§ **PROBLEM REQUIREMENTS**
Restate word for word the lines of the records below, starting at the line that contains "#79=VERTEX_POINT('',#78);" and ending at the line that contains "#86=CIRCLE('',#85,2.032);", with both of those lines included and nothing else.

§ **INPUT**
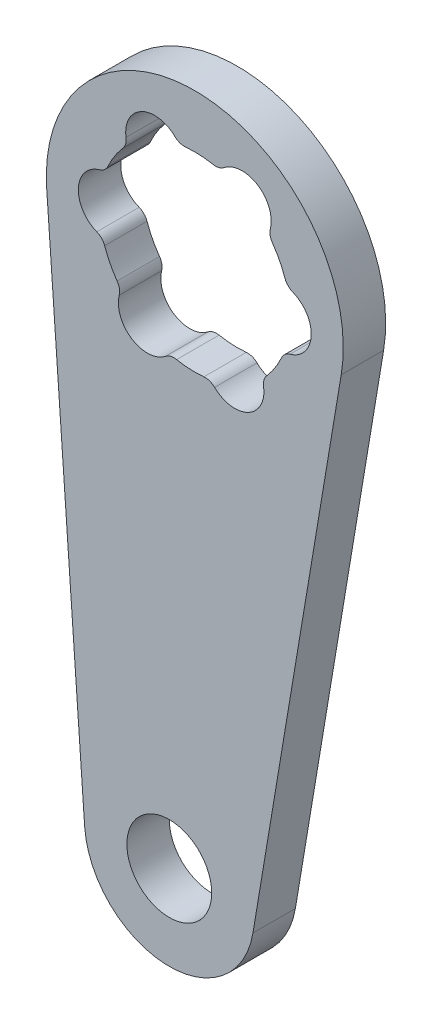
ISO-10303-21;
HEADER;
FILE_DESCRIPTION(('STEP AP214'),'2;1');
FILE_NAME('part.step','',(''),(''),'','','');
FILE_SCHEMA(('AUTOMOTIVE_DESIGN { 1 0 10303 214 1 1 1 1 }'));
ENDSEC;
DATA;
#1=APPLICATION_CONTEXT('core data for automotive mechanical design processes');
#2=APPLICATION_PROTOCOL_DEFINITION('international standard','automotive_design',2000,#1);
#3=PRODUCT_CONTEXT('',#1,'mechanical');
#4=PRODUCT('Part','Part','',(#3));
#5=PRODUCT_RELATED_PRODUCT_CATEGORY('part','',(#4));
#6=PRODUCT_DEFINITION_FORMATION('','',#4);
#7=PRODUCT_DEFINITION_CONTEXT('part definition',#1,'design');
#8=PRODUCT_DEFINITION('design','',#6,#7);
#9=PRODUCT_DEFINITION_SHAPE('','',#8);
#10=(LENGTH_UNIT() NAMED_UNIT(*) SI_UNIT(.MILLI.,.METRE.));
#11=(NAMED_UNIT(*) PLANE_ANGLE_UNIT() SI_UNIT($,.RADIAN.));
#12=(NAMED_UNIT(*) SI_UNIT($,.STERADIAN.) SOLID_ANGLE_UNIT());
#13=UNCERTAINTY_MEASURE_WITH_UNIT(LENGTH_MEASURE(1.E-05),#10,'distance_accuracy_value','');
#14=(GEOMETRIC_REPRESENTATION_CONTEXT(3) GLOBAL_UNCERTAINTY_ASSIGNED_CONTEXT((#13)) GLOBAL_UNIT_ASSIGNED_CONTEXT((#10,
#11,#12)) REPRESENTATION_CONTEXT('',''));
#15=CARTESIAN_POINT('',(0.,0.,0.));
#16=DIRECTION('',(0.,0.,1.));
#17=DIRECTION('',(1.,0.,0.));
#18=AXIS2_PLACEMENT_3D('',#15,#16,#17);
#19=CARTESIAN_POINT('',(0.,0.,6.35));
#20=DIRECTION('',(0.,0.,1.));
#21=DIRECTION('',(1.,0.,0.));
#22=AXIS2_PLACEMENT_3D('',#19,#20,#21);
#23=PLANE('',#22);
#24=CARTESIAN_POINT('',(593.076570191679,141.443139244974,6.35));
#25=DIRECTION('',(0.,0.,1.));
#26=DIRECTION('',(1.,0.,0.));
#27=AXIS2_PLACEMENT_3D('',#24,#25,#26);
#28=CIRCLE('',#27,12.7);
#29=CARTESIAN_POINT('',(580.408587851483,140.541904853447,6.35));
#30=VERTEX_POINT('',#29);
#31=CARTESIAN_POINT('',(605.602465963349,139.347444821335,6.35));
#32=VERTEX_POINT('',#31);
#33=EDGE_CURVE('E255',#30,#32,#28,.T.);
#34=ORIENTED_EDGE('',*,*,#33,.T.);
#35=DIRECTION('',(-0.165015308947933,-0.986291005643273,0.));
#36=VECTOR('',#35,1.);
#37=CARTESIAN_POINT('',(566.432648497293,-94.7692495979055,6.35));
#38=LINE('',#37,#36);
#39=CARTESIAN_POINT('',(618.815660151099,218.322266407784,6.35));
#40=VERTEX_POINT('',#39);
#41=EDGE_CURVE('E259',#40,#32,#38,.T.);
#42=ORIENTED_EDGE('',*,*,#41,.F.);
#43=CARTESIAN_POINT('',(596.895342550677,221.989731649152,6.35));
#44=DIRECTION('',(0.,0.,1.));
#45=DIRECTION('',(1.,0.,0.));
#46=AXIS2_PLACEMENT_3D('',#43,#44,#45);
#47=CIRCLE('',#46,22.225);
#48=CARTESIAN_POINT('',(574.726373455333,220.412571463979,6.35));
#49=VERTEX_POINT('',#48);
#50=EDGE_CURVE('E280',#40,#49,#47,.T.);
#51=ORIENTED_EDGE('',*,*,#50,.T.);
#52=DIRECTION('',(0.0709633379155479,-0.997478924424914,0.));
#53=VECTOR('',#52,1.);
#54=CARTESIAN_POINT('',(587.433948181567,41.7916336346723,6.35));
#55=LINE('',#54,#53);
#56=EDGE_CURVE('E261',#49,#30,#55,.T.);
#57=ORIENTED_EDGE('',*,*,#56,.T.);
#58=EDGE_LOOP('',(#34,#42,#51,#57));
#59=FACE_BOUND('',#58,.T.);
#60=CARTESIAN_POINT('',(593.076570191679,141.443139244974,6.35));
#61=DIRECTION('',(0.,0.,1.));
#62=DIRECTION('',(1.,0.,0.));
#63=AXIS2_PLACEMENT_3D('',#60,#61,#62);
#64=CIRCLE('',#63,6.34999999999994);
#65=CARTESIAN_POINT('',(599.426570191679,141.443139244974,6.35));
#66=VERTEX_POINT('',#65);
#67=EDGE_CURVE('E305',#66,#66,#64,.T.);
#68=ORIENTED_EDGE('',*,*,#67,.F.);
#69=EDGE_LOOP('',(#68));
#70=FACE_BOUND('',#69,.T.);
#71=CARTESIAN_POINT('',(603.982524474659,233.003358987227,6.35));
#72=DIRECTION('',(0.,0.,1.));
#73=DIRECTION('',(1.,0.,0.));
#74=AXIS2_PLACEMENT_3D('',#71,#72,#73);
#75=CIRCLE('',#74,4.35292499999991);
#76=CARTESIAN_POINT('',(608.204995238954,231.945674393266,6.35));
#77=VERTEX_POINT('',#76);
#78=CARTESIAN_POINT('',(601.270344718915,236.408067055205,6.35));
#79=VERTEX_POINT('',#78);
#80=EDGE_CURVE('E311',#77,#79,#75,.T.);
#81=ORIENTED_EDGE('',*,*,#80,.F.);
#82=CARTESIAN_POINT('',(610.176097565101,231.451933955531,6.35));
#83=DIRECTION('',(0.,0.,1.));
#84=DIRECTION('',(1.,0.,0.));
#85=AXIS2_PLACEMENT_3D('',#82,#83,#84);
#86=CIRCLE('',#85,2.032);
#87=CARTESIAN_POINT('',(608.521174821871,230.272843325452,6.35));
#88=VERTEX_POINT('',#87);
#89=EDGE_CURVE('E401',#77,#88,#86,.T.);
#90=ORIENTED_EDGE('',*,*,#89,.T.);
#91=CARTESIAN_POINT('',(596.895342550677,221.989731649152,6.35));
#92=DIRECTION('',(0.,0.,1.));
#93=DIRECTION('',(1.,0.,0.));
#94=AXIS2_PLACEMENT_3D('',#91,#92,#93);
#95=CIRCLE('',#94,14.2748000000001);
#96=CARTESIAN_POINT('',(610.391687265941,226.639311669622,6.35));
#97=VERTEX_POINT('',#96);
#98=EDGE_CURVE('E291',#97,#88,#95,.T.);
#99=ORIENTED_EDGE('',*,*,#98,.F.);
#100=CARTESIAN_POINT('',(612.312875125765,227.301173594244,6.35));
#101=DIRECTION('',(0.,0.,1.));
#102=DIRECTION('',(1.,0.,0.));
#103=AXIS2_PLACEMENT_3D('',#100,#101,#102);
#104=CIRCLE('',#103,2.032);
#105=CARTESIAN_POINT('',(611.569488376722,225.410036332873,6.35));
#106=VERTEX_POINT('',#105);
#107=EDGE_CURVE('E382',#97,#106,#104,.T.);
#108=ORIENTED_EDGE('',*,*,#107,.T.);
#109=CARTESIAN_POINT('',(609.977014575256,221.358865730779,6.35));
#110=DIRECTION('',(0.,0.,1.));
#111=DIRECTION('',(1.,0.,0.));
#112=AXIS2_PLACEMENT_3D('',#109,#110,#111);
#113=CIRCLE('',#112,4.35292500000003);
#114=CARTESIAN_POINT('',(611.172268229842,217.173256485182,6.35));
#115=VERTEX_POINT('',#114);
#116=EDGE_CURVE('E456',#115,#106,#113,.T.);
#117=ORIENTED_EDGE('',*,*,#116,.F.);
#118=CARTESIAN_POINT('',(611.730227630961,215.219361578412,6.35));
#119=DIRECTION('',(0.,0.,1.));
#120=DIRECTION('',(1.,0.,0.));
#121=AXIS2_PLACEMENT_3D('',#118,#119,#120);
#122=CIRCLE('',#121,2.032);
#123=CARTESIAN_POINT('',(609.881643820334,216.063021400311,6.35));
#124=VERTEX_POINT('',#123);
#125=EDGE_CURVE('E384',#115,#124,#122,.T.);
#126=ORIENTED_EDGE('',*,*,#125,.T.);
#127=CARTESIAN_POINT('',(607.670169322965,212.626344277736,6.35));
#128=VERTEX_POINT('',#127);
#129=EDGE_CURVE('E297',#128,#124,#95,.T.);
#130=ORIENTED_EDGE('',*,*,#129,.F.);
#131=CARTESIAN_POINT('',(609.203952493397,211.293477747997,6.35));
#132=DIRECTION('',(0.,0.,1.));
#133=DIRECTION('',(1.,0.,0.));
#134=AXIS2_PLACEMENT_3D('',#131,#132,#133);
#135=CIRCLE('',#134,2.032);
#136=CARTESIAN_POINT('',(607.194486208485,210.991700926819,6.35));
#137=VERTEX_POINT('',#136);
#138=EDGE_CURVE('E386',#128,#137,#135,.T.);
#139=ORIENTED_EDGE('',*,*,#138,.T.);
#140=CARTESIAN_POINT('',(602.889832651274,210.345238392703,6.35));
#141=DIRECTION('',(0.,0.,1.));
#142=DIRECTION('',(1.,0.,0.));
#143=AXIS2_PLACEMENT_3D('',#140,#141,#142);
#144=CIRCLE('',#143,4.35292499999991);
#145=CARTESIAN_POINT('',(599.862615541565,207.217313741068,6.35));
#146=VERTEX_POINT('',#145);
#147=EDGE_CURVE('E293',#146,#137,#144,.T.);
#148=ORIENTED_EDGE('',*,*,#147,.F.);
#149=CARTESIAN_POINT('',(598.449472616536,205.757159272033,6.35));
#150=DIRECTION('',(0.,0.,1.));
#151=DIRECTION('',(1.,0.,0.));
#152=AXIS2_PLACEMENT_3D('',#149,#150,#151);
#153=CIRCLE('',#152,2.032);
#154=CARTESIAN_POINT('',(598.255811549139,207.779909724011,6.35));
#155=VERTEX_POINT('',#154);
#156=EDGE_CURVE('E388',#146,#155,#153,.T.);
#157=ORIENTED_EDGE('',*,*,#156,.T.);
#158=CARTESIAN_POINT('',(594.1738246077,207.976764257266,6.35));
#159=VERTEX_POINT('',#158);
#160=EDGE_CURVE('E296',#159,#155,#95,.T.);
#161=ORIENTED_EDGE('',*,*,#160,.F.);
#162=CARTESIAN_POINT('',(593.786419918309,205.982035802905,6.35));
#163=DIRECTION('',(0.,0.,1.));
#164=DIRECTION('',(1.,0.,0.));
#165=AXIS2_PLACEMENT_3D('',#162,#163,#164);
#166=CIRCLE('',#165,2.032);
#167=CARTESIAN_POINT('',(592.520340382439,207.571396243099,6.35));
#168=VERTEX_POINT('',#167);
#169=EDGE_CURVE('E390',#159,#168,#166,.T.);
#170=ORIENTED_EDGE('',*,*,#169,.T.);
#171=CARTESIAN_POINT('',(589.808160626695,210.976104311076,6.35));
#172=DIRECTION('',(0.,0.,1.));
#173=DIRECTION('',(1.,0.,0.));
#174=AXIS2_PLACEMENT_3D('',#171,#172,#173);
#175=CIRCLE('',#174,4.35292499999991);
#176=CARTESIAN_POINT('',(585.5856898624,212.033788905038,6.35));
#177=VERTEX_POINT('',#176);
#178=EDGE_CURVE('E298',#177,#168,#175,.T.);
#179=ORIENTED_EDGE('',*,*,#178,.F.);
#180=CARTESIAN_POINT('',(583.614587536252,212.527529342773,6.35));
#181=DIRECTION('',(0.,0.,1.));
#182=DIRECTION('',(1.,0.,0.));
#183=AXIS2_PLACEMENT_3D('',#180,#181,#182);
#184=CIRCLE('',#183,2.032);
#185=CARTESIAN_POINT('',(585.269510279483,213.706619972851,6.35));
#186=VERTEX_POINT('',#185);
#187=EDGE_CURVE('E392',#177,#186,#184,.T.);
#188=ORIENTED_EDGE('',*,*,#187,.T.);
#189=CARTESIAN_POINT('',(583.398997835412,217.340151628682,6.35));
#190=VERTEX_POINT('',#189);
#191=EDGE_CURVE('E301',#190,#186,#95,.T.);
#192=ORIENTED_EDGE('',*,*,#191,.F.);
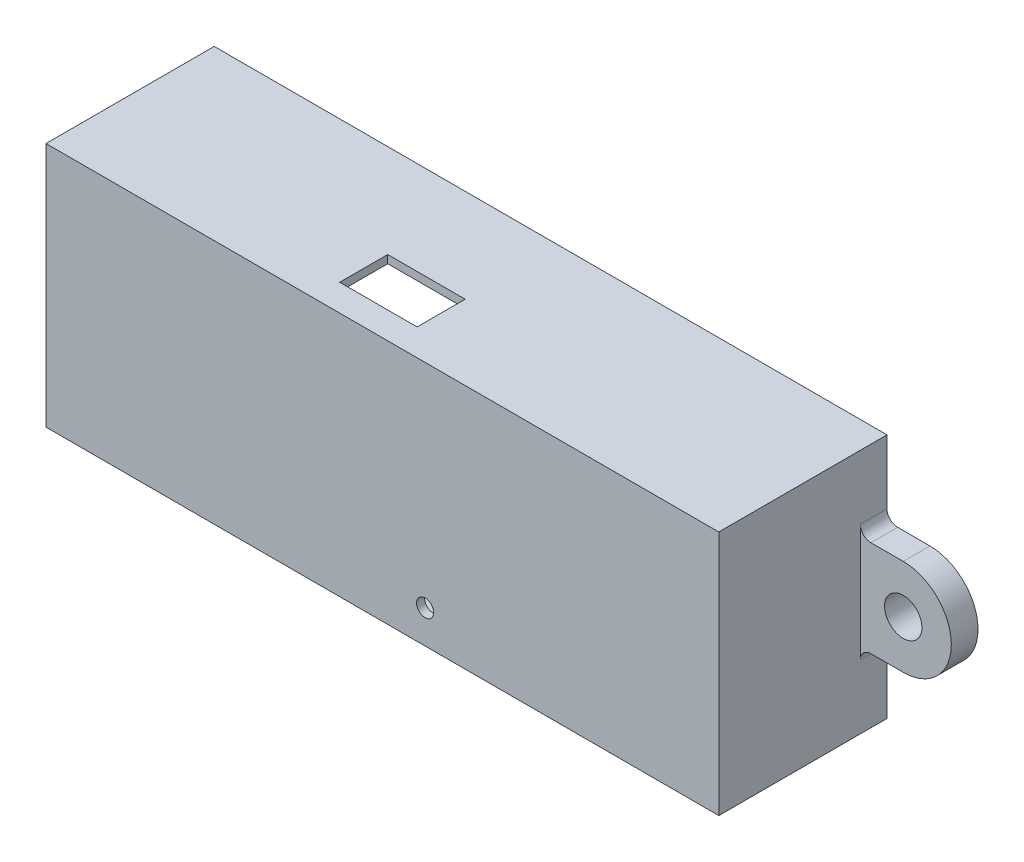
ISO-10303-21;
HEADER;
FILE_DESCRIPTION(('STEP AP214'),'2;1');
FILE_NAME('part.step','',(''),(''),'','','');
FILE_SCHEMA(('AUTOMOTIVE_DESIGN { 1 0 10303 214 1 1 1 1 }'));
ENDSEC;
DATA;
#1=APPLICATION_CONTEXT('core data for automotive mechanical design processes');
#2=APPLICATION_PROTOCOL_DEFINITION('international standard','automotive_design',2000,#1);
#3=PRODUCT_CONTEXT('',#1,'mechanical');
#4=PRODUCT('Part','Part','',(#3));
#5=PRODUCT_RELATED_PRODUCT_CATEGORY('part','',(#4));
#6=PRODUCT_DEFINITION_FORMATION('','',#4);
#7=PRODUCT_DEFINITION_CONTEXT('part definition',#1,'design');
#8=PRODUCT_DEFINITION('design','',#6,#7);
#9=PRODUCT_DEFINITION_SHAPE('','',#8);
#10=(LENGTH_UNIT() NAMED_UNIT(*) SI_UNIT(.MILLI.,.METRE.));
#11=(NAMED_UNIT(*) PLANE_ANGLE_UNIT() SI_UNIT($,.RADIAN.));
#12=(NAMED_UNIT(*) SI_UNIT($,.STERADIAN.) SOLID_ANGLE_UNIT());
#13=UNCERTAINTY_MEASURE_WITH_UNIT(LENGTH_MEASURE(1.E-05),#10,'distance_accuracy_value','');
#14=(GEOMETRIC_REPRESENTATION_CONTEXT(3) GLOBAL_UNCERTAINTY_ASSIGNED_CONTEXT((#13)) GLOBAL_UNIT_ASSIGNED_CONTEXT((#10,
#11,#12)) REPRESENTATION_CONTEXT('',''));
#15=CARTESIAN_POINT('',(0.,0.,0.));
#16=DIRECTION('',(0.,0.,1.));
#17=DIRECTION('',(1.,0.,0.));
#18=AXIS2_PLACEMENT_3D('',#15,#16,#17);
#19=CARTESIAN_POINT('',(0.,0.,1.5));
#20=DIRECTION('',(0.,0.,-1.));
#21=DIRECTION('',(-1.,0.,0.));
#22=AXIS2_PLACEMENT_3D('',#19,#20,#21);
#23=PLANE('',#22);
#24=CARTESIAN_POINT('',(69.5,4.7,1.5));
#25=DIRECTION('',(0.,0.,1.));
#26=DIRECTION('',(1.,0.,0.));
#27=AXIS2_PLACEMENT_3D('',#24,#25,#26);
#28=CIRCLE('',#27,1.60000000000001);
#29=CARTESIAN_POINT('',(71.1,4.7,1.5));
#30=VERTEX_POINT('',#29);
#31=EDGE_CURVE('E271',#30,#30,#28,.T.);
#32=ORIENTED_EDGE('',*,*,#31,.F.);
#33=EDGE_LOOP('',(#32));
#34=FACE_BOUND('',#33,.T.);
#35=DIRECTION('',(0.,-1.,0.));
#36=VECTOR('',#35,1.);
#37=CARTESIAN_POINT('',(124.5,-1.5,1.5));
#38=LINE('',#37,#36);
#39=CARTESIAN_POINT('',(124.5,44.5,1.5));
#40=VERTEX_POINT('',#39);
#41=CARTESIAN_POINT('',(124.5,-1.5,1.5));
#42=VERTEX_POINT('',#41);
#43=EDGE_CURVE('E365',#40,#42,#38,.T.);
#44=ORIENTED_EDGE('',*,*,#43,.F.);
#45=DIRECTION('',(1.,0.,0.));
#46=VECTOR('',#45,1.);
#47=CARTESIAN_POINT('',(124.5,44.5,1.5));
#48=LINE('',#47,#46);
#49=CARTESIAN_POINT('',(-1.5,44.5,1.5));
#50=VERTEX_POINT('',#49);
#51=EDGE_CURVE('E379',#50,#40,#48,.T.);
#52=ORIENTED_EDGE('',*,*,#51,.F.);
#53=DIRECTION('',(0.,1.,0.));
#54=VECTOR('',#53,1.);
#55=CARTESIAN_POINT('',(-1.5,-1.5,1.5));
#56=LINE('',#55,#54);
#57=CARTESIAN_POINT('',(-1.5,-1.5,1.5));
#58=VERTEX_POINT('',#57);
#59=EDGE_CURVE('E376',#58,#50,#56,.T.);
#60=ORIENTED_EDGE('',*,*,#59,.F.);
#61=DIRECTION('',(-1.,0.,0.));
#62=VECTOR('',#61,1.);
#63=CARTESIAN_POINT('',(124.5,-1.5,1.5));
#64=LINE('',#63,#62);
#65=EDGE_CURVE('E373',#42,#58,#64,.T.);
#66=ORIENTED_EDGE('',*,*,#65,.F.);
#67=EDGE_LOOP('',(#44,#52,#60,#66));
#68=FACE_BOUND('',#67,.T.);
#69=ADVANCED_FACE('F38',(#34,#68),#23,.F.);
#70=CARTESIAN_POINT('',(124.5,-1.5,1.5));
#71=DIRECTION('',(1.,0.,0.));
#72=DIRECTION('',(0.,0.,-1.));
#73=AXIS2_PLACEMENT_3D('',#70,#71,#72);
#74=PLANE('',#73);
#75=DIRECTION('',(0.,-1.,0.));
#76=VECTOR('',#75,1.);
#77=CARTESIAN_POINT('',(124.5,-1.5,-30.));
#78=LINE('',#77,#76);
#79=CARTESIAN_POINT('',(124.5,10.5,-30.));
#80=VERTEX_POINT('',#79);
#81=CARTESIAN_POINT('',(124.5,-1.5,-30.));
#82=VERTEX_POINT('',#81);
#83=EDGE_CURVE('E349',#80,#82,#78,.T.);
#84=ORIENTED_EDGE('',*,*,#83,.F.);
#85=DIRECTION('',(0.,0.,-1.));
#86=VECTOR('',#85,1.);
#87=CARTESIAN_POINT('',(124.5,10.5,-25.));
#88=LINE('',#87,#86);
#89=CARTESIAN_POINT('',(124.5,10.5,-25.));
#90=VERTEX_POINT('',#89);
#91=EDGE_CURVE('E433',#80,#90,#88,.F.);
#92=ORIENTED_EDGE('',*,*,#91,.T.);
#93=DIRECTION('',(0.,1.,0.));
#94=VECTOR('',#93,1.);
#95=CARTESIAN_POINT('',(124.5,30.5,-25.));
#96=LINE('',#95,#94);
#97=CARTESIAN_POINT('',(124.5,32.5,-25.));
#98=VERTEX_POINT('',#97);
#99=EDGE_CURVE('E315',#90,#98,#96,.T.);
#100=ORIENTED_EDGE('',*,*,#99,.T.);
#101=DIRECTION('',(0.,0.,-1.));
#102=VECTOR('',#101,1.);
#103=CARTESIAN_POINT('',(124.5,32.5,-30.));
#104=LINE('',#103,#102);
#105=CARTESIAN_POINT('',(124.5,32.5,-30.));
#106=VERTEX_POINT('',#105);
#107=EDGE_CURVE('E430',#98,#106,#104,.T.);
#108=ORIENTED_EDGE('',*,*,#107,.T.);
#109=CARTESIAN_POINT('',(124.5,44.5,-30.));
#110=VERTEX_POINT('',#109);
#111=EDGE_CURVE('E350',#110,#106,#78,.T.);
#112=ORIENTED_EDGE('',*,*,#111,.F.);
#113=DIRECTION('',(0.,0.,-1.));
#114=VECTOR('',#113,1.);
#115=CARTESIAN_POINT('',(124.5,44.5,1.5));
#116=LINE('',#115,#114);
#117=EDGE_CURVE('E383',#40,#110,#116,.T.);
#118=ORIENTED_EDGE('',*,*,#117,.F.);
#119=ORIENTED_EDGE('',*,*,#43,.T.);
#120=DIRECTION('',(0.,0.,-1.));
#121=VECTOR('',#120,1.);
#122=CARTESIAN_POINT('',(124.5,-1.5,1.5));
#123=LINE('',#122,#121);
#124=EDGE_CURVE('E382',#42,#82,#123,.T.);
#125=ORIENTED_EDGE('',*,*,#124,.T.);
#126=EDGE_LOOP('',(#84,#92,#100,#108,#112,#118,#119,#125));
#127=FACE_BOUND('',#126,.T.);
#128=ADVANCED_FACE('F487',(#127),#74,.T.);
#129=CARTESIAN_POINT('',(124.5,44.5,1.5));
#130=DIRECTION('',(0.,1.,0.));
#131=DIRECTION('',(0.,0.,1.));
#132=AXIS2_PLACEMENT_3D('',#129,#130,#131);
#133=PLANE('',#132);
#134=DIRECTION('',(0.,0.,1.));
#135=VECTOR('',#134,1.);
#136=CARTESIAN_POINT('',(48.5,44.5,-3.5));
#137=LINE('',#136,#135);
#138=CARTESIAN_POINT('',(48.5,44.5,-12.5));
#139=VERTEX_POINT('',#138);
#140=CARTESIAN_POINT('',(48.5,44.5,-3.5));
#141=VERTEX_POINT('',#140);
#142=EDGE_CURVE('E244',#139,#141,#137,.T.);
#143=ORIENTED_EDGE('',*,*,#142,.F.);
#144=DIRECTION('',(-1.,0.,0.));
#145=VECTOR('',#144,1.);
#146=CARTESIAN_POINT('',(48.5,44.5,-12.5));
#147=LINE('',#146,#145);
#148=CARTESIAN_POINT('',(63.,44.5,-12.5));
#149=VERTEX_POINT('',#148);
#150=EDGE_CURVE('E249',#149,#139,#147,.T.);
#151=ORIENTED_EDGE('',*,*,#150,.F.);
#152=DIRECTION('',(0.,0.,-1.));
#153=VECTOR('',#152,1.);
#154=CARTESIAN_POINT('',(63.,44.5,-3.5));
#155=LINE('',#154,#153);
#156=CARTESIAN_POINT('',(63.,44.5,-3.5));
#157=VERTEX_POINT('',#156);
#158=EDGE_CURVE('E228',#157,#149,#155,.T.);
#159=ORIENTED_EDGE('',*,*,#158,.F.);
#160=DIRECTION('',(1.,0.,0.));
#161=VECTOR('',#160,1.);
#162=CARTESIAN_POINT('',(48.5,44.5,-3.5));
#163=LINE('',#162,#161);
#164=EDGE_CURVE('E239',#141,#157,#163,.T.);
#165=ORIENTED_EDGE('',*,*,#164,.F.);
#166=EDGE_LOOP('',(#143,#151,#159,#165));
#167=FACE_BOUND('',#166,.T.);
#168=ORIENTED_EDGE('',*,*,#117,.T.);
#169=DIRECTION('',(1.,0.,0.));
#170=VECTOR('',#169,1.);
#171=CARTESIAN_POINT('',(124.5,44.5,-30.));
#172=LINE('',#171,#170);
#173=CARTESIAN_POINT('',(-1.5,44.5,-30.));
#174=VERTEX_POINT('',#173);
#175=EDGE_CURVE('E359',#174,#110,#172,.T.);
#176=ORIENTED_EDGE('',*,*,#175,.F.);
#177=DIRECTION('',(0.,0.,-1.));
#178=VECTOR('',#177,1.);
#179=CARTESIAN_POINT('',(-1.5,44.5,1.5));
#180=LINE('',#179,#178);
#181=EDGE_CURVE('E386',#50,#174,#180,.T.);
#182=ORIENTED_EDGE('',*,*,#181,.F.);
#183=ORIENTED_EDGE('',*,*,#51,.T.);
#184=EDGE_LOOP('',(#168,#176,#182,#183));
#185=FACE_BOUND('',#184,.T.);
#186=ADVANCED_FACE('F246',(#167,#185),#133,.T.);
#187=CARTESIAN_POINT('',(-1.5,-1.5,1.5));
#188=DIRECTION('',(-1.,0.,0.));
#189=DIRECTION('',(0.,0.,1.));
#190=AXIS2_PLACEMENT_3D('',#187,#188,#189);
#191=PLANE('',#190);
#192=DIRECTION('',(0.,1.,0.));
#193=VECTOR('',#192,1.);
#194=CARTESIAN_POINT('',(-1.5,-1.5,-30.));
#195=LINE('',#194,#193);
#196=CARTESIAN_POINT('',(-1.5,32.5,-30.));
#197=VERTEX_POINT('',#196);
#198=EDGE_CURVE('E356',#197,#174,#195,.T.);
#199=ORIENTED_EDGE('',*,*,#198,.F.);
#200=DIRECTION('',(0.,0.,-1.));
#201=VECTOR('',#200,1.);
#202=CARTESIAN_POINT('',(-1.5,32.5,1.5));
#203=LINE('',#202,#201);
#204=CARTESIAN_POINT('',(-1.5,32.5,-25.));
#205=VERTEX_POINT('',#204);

§ **EXERCISE RESPONSE**
#79=VERTEX_POINT('',#78);
#80=EDGE_CURVE('E311',#77,#79,#75,.T.);
#81=ORIENTED_EDGE('',*,*,#80,.F.);
#82=CARTESIAN_POINT('',(610.176097565101,231.451933955531,6.35));
#83=DIRECTION('',(0.,0.,1.));
#84=DIRECTION('',(1.,0.,0.));
#85=AXIS2_PLACEMENT_3D('',#82,#83,#84);
#86=CIRCLE('',#85,2.032);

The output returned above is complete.